This exercise asks for an exact copy of every entry below, with pictures omitted.

Excerpts from a dataset
════════
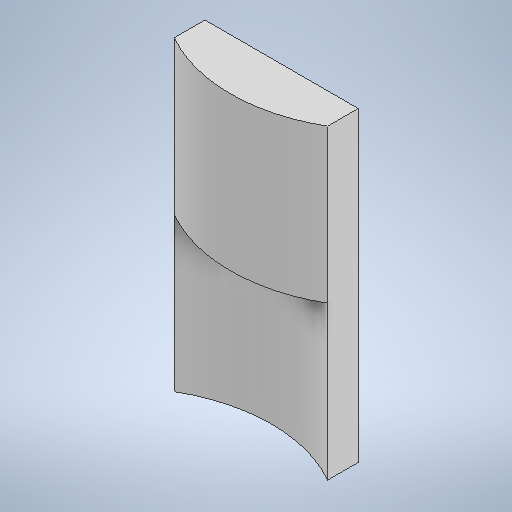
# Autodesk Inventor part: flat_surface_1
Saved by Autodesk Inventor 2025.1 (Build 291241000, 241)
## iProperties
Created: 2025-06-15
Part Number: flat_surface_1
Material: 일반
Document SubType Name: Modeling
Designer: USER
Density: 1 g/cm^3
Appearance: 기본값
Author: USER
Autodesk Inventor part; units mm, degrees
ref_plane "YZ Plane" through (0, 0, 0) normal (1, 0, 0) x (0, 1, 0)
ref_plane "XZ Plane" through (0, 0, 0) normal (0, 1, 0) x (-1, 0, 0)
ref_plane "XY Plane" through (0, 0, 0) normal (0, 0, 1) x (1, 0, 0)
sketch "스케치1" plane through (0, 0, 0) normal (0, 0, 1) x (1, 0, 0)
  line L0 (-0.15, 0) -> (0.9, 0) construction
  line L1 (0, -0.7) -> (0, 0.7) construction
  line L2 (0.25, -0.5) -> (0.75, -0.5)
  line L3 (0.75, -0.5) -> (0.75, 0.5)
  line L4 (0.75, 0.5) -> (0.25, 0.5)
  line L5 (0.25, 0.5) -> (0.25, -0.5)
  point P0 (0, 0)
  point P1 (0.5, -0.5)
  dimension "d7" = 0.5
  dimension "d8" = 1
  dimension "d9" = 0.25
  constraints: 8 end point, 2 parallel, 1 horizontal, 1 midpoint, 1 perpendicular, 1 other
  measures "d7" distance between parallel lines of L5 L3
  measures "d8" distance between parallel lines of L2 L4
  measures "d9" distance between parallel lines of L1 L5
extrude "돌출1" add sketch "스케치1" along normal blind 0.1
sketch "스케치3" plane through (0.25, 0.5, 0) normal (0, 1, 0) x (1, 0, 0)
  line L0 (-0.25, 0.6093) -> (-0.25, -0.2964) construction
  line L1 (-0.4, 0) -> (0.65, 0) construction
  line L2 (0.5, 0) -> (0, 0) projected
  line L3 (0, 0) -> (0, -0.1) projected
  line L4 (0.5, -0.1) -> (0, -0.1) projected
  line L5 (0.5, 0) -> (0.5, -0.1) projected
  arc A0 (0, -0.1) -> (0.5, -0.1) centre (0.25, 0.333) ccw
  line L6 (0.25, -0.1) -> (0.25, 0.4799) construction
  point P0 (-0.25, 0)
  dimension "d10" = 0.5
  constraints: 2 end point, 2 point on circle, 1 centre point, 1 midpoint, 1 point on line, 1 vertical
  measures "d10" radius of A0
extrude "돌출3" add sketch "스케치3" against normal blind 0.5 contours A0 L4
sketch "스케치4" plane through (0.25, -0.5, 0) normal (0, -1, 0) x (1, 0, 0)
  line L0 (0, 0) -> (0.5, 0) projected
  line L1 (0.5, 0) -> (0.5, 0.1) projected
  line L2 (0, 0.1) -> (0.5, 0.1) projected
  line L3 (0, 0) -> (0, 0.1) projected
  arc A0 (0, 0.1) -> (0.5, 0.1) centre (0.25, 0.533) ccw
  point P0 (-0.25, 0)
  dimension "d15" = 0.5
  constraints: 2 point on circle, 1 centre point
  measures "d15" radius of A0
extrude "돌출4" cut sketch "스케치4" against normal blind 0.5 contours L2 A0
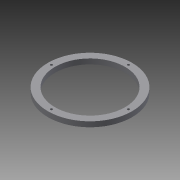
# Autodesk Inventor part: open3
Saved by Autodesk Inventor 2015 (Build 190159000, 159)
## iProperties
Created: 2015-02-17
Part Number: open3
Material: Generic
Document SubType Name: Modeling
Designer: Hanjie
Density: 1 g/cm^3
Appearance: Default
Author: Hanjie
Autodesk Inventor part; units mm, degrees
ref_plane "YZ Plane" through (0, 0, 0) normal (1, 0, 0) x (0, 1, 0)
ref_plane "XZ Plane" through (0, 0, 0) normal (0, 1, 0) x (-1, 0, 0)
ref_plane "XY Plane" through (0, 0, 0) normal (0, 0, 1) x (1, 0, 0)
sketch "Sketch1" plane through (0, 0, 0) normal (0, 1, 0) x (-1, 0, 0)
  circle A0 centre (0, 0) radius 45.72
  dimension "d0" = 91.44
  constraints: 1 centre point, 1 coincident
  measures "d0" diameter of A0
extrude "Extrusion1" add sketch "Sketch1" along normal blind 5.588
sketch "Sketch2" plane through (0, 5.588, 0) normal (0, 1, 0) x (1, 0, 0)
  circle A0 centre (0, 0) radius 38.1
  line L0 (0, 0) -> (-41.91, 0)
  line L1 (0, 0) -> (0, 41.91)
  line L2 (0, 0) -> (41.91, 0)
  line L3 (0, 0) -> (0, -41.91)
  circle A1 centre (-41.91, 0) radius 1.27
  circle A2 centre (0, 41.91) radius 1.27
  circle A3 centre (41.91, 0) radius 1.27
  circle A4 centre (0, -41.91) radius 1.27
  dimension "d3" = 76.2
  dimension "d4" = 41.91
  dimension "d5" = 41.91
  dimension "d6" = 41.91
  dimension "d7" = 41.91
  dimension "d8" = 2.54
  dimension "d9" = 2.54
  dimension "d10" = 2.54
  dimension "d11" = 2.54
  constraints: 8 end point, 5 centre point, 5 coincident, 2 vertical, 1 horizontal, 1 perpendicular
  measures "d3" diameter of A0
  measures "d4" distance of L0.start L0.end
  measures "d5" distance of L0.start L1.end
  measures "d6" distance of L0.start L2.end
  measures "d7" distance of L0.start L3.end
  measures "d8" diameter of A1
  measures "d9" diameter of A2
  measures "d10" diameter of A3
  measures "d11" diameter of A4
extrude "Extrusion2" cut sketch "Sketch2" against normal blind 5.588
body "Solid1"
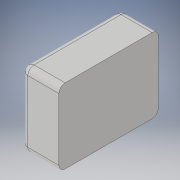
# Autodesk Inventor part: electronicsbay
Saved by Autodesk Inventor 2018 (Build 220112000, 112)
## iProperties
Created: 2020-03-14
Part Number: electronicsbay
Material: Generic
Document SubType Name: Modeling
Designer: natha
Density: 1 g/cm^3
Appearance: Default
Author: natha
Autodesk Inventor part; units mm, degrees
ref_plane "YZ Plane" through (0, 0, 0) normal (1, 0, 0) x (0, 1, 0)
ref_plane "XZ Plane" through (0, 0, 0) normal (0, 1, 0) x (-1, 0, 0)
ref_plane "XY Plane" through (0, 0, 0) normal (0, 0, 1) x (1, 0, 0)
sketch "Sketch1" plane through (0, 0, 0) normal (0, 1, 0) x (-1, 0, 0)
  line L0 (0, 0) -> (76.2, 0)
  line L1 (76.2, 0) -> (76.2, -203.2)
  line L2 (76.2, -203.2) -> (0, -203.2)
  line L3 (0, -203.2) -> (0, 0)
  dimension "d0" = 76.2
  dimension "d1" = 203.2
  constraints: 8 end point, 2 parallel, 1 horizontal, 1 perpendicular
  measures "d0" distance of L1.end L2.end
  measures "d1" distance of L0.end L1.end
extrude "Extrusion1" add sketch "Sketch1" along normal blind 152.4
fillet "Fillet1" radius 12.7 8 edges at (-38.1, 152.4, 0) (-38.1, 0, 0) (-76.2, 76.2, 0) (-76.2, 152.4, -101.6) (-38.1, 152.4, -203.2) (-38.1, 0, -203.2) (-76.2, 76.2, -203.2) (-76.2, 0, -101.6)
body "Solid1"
════════
Response area:
# Autodesk Inventor part: flat_surface_1
Saved by Autodesk Inventor 2025.1 (Build 291241000, 241)
## iProperties
Created: 2025-06-15
Part Number: flat_surface_1
Material: 일반
Document SubType Name: Modeling
Designer: USER
Density: 1 g/cm^3
Appearance: 기본값
Author: USER
Autodesk Inventor part; units mm, degrees
ref_plane "YZ Plane" through (0, 0, 0) normal (1, 0, 0) x (0, 1, 0)
ref_plane "XZ Plane" through (0, 0, 0) normal (0, 1, 0) x (-1, 0, 0)
ref_plane "XY Plane" through (0, 0, 0) normal (0, 0, 1) x (1, 0, 0)
sketch "스케치1" plane through (0, 0, 0) normal (0, 0, 1) x (1, 0, 0)
  line L0 (-0.15, 0) -> (0.9, 0) construction
  line L1 (0, -0.7) -> (0, 0.7) construction
  line L2 (0.25, -0.5) -> (0.75, -0.5)
  line L3 (0.75, -0.5) -> (0.75, 0.5)
  line L4 (0.75, 0.5) -> (0.25, 0.5)
  line L5 (0.25, 0.5) -> (0.25, -0.5)
  point P0 (0, 0)
  point P1 (0.5, -0.5)
  dimension "d7" = 0.5
  dimension "d8" = 1
  dimension "d9" = 0.25
  constraints: 8 end point, 2 parallel, 1 horizontal, 1 midpoint, 1 perpendicular, 1 other
  measures "d7" distance between parallel lines of L5 L3
  measures "d8" distance between parallel lines of L2 L4
  measures "d9" distance between parallel lines of L1 L5
extrude "돌출1" add sketch "스케치1" along normal blind 0.1
sketch "스케치3" plane through (0.25, 0.5, 0) normal (0, 1, 0) x (1, 0, 0)
  line L0 (-0.25, 0.6093) -> (-0.25, -0.2964) construction
  line L1 (-0.4, 0) -> (0.65, 0) construction
  line L2 (0.5, 0) -> (0, 0) projected
  line L3 (0, 0) -> (0, -0.1) projected
  line L4 (0.5, -0.1) -> (0, -0.1) projected
  line L5 (0.5, 0) -> (0.5, -0.1) projected
  arc A0 (0, -0.1) -> (0.5, -0.1) centre (0.25, 0.333) ccw
  line L6 (0.25, -0.1) -> (0.25, 0.4799) construction
  point P0 (-0.25, 0)
  dimension "d10" = 0.5
  constraints: 2 end point, 2 point on circle, 1 centre point, 1 midpoint, 1 point on line, 1 vertical
  measures "d10" radius of A0
extrude "돌출3" add sketch "스케치3" against normal blind 0.5 contours A0 L4
sketch "스케치4" plane through (0.25, -0.5, 0) normal (0, -1, 0) x (1, 0, 0)
  line L0 (0, 0) -> (0.5, 0) projected
  line L1 (0.5, 0) -> (0.5, 0.1) projected
  line L2 (0, 0.1) -> (0.5, 0.1) projected
  line L3 (0, 0) -> (0, 0.1) projected
  arc A0 (0, 0.1) -> (0.5, 0.1) centre (0.25, 0.533) ccw
  point P0 (-0.25, 0)
  dimension "d15" = 0.5
  constraints: 2 point on circle, 1 centre point
  measures "d15" radius of A0
extrude "돌출4" cut sketch "스케치4" against normal blind 0.5 contours L2 A0
# Autodesk Inventor part: open3
Saved by Autodesk Inventor 2015 (Build 190159000, 159)
## iProperties
Created: 2015-02-17
Part Number: open3
Material: Generic
Document SubType Name: Modeling
Designer: Hanjie
Density: 1 g/cm^3
Appearance: Default
Author: Hanjie
Autodesk Inventor part; units mm, degrees
ref_plane "YZ Plane" through (0, 0, 0) normal (1, 0, 0) x (0, 1, 0)
ref_plane "XZ Plane" through (0, 0, 0) normal (0, 1, 0) x (-1, 0, 0)
ref_plane "XY Plane" through (0, 0, 0) normal (0, 0, 1) x (1, 0, 0)
sketch "Sketch1" plane through (0, 0, 0) normal (0, 1, 0) x (-1, 0, 0)
  circle A0 centre (0, 0) radius 45.72
  dimension "d0" = 91.44
  constraints: 1 centre point, 1 coincident
  measures "d0" diameter of A0
extrude "Extrusion1" add sketch "Sketch1" along normal blind 5.588
sketch "Sketch2" plane through (0, 5.588, 0) normal (0, 1, 0) x (1, 0, 0)
  circle A0 centre (0, 0) radius 38.1
  line L0 (0, 0) -> (-41.91, 0)
  line L1 (0, 0) -> (0, 41.91)
  line L2 (0, 0) -> (41.91, 0)
  line L3 (0, 0) -> (0, -41.91)
  circle A1 centre (-41.91, 0) radius 1.27
  circle A2 centre (0, 41.91) radius 1.27
  circle A3 centre (41.91, 0) radius 1.27
  circle A4 centre (0, -41.91) radius 1.27
  dimension "d3" = 76.2
  dimension "d4" = 41.91
  dimension "d5" = 41.91
  dimension "d6" = 41.91
  dimension "d7" = 41.91
  dimension "d8" = 2.54
  dimension "d9" = 2.54
  dimension "d10" = 2.54
  dimension "d11" = 2.54
  constraints: 8 end point, 5 centre point, 5 coincident, 2 vertical, 1 horizontal, 1 perpendicular
  measures "d3" diameter of A0
  measures "d4" distance of L0.start L0.end
  measures "d5" distance of L0.start L1.end
  measures "d6" distance of L0.start L2.end
  measures "d7" distance of L0.start L3.end
  measures "d8" diameter of A1
  measures "d9" diameter of A2
  measures "d10" diameter of A3
  measures "d11" diameter of A4
extrude "Extrusion2" cut sketch "Sketch2" against normal blind 5.588
body "Solid1"
# Autodesk Inventor part: electronicsbay
Saved by Autodesk Inventor 2018 (Build 220112000, 112)
## iProperties
Created: 2020-03-14
Part Number: electronicsbay
Material: Generic
Document SubType Name: Modeling
Designer: natha
Density: 1 g/cm^3
Appearance: Default
Author: natha
Autodesk Inventor part; units mm, degrees
ref_plane "YZ Plane" through (0, 0, 0) normal (1, 0, 0) x (0, 1, 0)
ref_plane "XZ Plane" through (0, 0, 0) normal (0, 1, 0) x (-1, 0, 0)
ref_plane "XY Plane" through (0, 0, 0) normal (0, 0, 1) x (1, 0, 0)
sketch "Sketch1" plane through (0, 0, 0) normal (0, 1, 0) x (-1, 0, 0)
  line L0 (0, 0) -> (76.2, 0)
  line L1 (76.2, 0) -> (76.2, -203.2)
  line L2 (76.2, -203.2) -> (0, -203.2)
  line L3 (0, -203.2) -> (0, 0)
  dimension "d0" = 76.2
  dimension "d1" = 203.2
  constraints: 8 end point, 2 parallel, 1 horizontal, 1 perpendicular
  measures "d0" distance of L1.end L2.end
  measures "d1" distance of L0.end L1.end
extrude "Extrusion1" add sketch "Sketch1" along normal blind 152.4
fillet "Fillet1" radius 12.7 8 edges at (-38.1, 152.4, 0) (-38.1, 0, 0) (-76.2, 76.2, 0) (-76.2, 152.4, -101.6) (-38.1, 152.4, -203.2) (-38.1, 0, -203.2) (-76.2, 76.2, -203.2) (-76.2, 0, -101.6)
body "Solid1"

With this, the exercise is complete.